__About this exercise__
For each line below with the word "Matrix", write out a copy.

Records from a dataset
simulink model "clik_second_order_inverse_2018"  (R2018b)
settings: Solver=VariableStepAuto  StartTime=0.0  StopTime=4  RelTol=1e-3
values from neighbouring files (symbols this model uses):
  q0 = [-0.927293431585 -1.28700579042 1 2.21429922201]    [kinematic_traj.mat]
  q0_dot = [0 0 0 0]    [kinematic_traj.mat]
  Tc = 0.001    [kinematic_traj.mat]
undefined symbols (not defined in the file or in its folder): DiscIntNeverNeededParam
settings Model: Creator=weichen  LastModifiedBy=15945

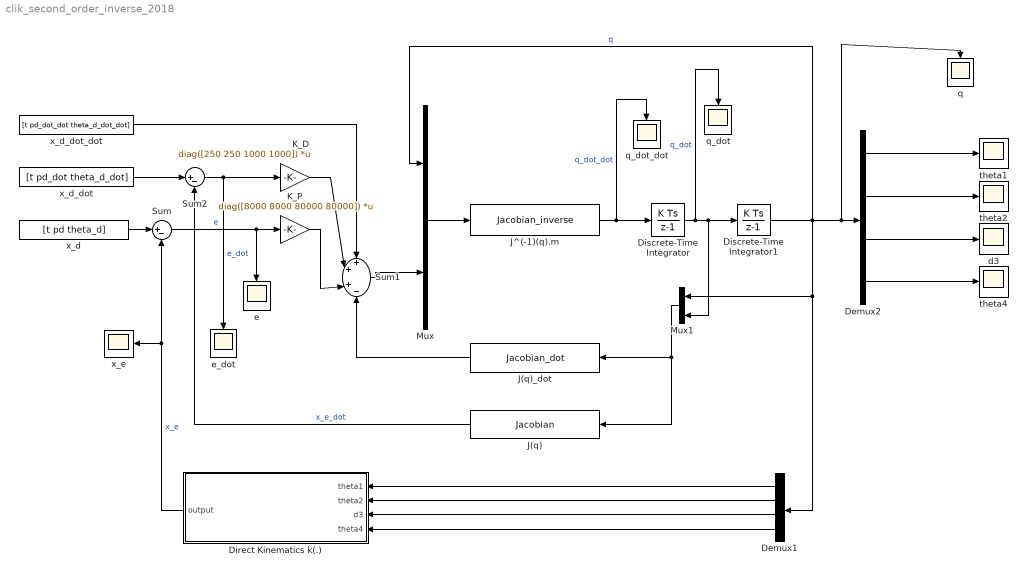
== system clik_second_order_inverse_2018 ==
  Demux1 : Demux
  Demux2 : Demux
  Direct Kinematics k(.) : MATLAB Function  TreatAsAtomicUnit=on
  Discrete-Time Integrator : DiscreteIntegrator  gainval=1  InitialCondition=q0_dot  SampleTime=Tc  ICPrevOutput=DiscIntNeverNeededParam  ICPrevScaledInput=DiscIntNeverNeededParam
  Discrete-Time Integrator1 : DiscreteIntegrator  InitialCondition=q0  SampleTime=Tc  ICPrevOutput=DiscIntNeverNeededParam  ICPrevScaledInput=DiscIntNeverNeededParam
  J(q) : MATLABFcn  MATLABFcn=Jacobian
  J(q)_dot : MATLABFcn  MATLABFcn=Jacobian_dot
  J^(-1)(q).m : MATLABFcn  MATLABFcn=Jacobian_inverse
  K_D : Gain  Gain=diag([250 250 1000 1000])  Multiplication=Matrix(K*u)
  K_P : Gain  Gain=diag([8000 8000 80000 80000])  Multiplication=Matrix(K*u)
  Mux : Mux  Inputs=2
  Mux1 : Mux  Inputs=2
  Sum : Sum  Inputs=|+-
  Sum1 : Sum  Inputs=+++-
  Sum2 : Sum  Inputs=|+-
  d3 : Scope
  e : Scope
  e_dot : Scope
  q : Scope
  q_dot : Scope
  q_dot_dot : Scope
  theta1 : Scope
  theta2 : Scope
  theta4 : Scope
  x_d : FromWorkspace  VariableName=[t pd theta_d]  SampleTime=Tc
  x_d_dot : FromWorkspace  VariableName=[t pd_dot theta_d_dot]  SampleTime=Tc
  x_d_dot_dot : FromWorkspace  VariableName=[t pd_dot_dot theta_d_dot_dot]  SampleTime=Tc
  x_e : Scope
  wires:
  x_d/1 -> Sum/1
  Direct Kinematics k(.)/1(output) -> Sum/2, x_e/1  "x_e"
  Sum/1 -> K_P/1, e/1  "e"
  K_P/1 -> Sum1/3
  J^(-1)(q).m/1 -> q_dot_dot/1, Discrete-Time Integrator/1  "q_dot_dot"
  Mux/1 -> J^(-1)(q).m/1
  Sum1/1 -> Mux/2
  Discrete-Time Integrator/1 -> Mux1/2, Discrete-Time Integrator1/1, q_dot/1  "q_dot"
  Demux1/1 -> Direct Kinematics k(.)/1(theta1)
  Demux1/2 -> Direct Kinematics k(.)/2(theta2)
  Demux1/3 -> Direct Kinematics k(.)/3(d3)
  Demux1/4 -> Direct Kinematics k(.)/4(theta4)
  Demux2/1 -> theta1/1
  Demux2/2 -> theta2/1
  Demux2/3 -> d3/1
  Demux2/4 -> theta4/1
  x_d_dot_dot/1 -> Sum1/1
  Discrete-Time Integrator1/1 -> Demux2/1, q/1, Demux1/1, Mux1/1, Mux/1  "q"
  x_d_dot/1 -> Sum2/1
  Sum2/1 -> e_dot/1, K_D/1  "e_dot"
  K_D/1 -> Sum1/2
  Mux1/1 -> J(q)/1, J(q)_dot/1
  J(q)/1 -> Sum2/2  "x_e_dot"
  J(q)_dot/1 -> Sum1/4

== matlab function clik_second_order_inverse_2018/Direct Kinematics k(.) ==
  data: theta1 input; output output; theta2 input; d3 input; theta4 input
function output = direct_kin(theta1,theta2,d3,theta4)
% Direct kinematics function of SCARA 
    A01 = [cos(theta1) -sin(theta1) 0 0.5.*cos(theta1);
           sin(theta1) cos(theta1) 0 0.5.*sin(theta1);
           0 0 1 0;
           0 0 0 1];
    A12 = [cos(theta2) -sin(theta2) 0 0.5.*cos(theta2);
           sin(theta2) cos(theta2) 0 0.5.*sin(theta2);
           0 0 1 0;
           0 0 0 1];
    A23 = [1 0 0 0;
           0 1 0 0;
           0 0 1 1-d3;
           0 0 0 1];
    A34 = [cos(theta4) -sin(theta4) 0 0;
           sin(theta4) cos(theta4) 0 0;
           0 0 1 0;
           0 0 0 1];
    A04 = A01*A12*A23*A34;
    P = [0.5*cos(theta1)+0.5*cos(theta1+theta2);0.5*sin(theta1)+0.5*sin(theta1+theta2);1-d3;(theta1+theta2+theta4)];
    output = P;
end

__Solution__
  K_D : Gain  Gain=diag([250 250 1000 1000])  Multiplication=Matrix(K*u)
  K_P : Gain  Gain=diag([8000 8000 80000 80000])  Multiplication=Matrix(K*u)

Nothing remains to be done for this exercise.